Your instructions:
Extract every line below, verbatim.

Input for this task:
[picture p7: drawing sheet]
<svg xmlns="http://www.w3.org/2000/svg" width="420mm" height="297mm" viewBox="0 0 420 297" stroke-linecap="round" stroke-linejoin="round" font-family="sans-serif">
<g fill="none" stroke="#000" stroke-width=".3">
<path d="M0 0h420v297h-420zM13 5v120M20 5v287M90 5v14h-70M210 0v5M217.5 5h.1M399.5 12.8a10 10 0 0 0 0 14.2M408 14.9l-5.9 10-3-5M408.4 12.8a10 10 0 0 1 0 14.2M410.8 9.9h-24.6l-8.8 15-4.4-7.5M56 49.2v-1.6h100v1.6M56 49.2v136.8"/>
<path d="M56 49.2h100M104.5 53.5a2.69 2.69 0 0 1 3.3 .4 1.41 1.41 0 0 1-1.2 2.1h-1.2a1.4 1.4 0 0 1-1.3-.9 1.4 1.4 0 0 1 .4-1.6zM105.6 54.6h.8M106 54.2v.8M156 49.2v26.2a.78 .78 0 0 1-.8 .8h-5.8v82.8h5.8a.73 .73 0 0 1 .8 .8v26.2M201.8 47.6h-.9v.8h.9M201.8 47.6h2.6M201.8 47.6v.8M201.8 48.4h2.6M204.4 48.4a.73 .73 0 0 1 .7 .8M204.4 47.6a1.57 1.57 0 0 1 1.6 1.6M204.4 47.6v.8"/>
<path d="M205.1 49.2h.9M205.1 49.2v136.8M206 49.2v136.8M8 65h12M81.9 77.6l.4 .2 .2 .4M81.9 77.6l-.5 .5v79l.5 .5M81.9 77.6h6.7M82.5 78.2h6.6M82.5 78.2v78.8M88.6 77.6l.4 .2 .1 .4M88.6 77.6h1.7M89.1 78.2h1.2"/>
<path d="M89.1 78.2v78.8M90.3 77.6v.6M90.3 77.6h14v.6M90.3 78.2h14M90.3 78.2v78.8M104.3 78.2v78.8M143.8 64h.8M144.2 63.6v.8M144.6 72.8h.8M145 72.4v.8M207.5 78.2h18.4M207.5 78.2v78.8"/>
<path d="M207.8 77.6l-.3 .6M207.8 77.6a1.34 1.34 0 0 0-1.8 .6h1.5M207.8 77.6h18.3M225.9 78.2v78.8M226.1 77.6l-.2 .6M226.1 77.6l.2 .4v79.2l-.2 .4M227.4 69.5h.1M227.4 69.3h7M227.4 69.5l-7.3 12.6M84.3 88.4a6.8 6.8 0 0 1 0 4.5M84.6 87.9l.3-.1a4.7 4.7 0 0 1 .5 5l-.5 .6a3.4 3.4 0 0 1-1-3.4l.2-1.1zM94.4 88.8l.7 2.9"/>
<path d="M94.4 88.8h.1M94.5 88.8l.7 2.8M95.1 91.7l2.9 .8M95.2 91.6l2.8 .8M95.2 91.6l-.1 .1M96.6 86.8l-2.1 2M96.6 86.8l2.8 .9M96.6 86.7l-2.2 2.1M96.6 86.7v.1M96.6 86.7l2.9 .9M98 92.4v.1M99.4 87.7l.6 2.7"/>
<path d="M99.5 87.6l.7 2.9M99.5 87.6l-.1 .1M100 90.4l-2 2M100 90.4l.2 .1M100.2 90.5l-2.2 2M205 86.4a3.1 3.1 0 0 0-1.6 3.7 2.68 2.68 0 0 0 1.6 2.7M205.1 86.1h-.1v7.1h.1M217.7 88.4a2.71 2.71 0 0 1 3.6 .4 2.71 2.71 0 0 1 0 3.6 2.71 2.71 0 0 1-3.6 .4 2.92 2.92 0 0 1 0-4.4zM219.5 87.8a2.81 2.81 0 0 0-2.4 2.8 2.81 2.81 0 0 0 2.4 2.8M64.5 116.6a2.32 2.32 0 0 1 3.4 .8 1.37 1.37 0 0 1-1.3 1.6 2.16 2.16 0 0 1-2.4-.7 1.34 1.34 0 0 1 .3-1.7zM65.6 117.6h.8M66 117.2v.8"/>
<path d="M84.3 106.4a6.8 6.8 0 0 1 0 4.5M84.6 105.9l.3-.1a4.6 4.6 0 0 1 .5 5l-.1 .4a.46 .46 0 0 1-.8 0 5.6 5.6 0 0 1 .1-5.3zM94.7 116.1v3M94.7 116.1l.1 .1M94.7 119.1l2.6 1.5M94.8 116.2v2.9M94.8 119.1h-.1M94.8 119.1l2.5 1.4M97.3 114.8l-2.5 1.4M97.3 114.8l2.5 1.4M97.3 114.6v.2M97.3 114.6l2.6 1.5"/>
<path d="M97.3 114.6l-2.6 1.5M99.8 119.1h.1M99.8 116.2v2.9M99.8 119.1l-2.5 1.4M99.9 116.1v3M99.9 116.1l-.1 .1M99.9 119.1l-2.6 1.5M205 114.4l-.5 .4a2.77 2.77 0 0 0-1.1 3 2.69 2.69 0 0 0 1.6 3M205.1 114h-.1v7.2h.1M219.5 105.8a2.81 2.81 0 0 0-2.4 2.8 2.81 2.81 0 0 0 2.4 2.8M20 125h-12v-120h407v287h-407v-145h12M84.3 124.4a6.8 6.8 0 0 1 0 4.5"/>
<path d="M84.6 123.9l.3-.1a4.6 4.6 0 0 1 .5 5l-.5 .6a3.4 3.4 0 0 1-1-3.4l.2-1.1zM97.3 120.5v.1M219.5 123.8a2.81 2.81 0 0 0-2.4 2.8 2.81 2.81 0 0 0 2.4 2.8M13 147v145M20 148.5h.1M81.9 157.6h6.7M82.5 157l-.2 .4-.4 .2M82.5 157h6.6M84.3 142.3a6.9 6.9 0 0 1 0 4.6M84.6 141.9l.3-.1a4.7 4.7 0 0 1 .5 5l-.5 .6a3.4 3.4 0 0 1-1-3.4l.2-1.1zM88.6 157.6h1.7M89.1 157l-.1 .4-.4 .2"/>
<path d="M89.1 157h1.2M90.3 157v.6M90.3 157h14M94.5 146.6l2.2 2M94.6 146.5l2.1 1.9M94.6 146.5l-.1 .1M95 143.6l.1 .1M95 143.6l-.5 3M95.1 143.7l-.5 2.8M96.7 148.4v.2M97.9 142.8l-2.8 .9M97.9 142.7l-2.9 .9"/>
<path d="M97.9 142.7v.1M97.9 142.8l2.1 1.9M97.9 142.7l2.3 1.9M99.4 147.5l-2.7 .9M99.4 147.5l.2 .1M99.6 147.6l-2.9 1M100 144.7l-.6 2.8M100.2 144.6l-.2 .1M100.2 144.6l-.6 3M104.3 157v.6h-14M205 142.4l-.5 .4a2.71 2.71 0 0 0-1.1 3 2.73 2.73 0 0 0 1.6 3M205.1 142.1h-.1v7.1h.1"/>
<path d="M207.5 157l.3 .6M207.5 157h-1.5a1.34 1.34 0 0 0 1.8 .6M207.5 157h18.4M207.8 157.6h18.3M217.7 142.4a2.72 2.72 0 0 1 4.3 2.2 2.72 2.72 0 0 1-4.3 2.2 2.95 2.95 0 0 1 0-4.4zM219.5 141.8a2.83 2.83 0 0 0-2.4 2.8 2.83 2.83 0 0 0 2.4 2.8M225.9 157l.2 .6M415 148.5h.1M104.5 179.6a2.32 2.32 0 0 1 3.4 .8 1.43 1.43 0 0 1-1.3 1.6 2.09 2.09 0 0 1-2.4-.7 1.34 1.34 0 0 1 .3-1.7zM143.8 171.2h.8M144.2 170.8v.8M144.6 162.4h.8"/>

The completed task:
[picture p7: drawing sheet]
<svg xmlns="http://www.w3.org/2000/svg" width="420mm" height="297mm" viewBox="0 0 420 297" stroke-linecap="round" stroke-linejoin="round" font-family="sans-serif">
<g fill="none" stroke="#000" stroke-width=".3">
<path d="M0 0h420v297h-420zM13 5v120M20 5v287M90 5v14h-70M210 0v5M217.5 5h.1M399.5 12.8a10 10 0 0 0 0 14.2M408 14.9l-5.9 10-3-5M408.4 12.8a10 10 0 0 1 0 14.2M410.8 9.9h-24.6l-8.8 15-4.4-7.5M56 49.2v-1.6h100v1.6M56 49.2v136.8"/>
<path d="M56 49.2h100M104.5 53.5a2.69 2.69 0 0 1 3.3 .4 1.41 1.41 0 0 1-1.2 2.1h-1.2a1.4 1.4 0 0 1-1.3-.9 1.4 1.4 0 0 1 .4-1.6zM105.6 54.6h.8M106 54.2v.8M156 49.2v26.2a.78 .78 0 0 1-.8 .8h-5.8v82.8h5.8a.73 .73 0 0 1 .8 .8v26.2M201.8 47.6h-.9v.8h.9M201.8 47.6h2.6M201.8 47.6v.8M201.8 48.4h2.6M204.4 48.4a.73 .73 0 0 1 .7 .8M204.4 47.6a1.57 1.57 0 0 1 1.6 1.6M204.4 47.6v.8"/>
<path d="M205.1 49.2h.9M205.1 49.2v136.8M206 49.2v136.8M8 65h12M81.9 77.6l.4 .2 .2 .4M81.9 77.6l-.5 .5v79l.5 .5M81.9 77.6h6.7M82.5 78.2h6.6M82.5 78.2v78.8M88.6 77.6l.4 .2 .1 .4M88.6 77.6h1.7M89.1 78.2h1.2"/>
<path d="M89.1 78.2v78.8M90.3 77.6v.6M90.3 77.6h14v.6M90.3 78.2h14M90.3 78.2v78.8M104.3 78.2v78.8M143.8 64h.8M144.2 63.6v.8M144.6 72.8h.8M145 72.4v.8M207.5 78.2h18.4M207.5 78.2v78.8"/>
<path d="M207.8 77.6l-.3 .6M207.8 77.6a1.34 1.34 0 0 0-1.8 .6h1.5M207.8 77.6h18.3M225.9 78.2v78.8M226.1 77.6l-.2 .6M226.1 77.6l.2 .4v79.2l-.2 .4M227.4 69.5h.1M227.4 69.3h7M227.4 69.5l-7.3 12.6M84.3 88.4a6.8 6.8 0 0 1 0 4.5M84.6 87.9l.3-.1a4.7 4.7 0 0 1 .5 5l-.5 .6a3.4 3.4 0 0 1-1-3.4l.2-1.1zM94.4 88.8l.7 2.9"/>
<path d="M94.4 88.8h.1M94.5 88.8l.7 2.8M95.1 91.7l2.9 .8M95.2 91.6l2.8 .8M95.2 91.6l-.1 .1M96.6 86.8l-2.1 2M96.6 86.8l2.8 .9M96.6 86.7l-2.2 2.1M96.6 86.7v.1M96.6 86.7l2.9 .9M98 92.4v.1M99.4 87.7l.6 2.7"/>
<path d="M99.5 87.6l.7 2.9M99.5 87.6l-.1 .1M100 90.4l-2 2M100 90.4l.2 .1M100.2 90.5l-2.2 2M205 86.4a3.1 3.1 0 0 0-1.6 3.7 2.68 2.68 0 0 0 1.6 2.7M205.1 86.1h-.1v7.1h.1M217.7 88.4a2.71 2.71 0 0 1 3.6 .4 2.71 2.71 0 0 1 0 3.6 2.71 2.71 0 0 1-3.6 .4 2.92 2.92 0 0 1 0-4.4zM219.5 87.8a2.81 2.81 0 0 0-2.4 2.8 2.81 2.81 0 0 0 2.4 2.8M64.5 116.6a2.32 2.32 0 0 1 3.4 .8 1.37 1.37 0 0 1-1.3 1.6 2.16 2.16 0 0 1-2.4-.7 1.34 1.34 0 0 1 .3-1.7zM65.6 117.6h.8M66 117.2v.8"/>
<path d="M84.3 106.4a6.8 6.8 0 0 1 0 4.5M84.6 105.9l.3-.1a4.6 4.6 0 0 1 .5 5l-.1 .4a.46 .46 0 0 1-.8 0 5.6 5.6 0 0 1 .1-5.3zM94.7 116.1v3M94.7 116.1l.1 .1M94.7 119.1l2.6 1.5M94.8 116.2v2.9M94.8 119.1h-.1M94.8 119.1l2.5 1.4M97.3 114.8l-2.5 1.4M97.3 114.8l2.5 1.4M97.3 114.6v.2M97.3 114.6l2.6 1.5"/>
<path d="M97.3 114.6l-2.6 1.5M99.8 119.1h.1M99.8 116.2v2.9M99.8 119.1l-2.5 1.4M99.9 116.1v3M99.9 116.1l-.1 .1M99.9 119.1l-2.6 1.5M205 114.4l-.5 .4a2.77 2.77 0 0 0-1.1 3 2.69 2.69 0 0 0 1.6 3M205.1 114h-.1v7.2h.1M219.5 105.8a2.81 2.81 0 0 0-2.4 2.8 2.81 2.81 0 0 0 2.4 2.8M20 125h-12v-120h407v287h-407v-145h12M84.3 124.4a6.8 6.8 0 0 1 0 4.5"/>
<path d="M84.6 123.9l.3-.1a4.6 4.6 0 0 1 .5 5l-.5 .6a3.4 3.4 0 0 1-1-3.4l.2-1.1zM97.3 120.5v.1M219.5 123.8a2.81 2.81 0 0 0-2.4 2.8 2.81 2.81 0 0 0 2.4 2.8M13 147v145M20 148.5h.1M81.9 157.6h6.7M82.5 157l-.2 .4-.4 .2M82.5 157h6.6M84.3 142.3a6.9 6.9 0 0 1 0 4.6M84.6 141.9l.3-.1a4.7 4.7 0 0 1 .5 5l-.5 .6a3.4 3.4 0 0 1-1-3.4l.2-1.1zM88.6 157.6h1.7M89.1 157l-.1 .4-.4 .2"/>
<path d="M89.1 157h1.2M90.3 157v.6M90.3 157h14M94.5 146.6l2.2 2M94.6 146.5l2.1 1.9M94.6 146.5l-.1 .1M95 143.6l.1 .1M95 143.6l-.5 3M95.1 143.7l-.5 2.8M96.7 148.4v.2M97.9 142.8l-2.8 .9M97.9 142.7l-2.9 .9"/>
<path d="M97.9 142.7v.1M97.9 142.8l2.1 1.9M97.9 142.7l2.3 1.9M99.4 147.5l-2.7 .9M99.4 147.5l.2 .1M99.6 147.6l-2.9 1M100 144.7l-.6 2.8M100.2 144.6l-.2 .1M100.2 144.6l-.6 3M104.3 157v.6h-14M205 142.4l-.5 .4a2.71 2.71 0 0 0-1.1 3 2.73 2.73 0 0 0 1.6 3M205.1 142.1h-.1v7.1h.1"/>
<path d="M207.5 157l.3 .6M207.5 157h-1.5a1.34 1.34 0 0 0 1.8 .6M207.5 157h18.4M207.8 157.6h18.3M217.7 142.4a2.72 2.72 0 0 1 4.3 2.2 2.72 2.72 0 0 1-4.3 2.2 2.95 2.95 0 0 1 0-4.4zM219.5 141.8a2.83 2.83 0 0 0-2.4 2.8 2.83 2.83 0 0 0 2.4 2.8M225.9 157l.2 .6M415 148.5h.1M104.5 179.6a2.32 2.32 0 0 1 3.4 .8 1.43 1.43 0 0 1-1.3 1.6 2.09 2.09 0 0 1-2.4-.7 1.34 1.34 0 0 1 .3-1.7zM143.8 171.2h.8M144.2 170.8v.8M144.6 162.4h.8"/>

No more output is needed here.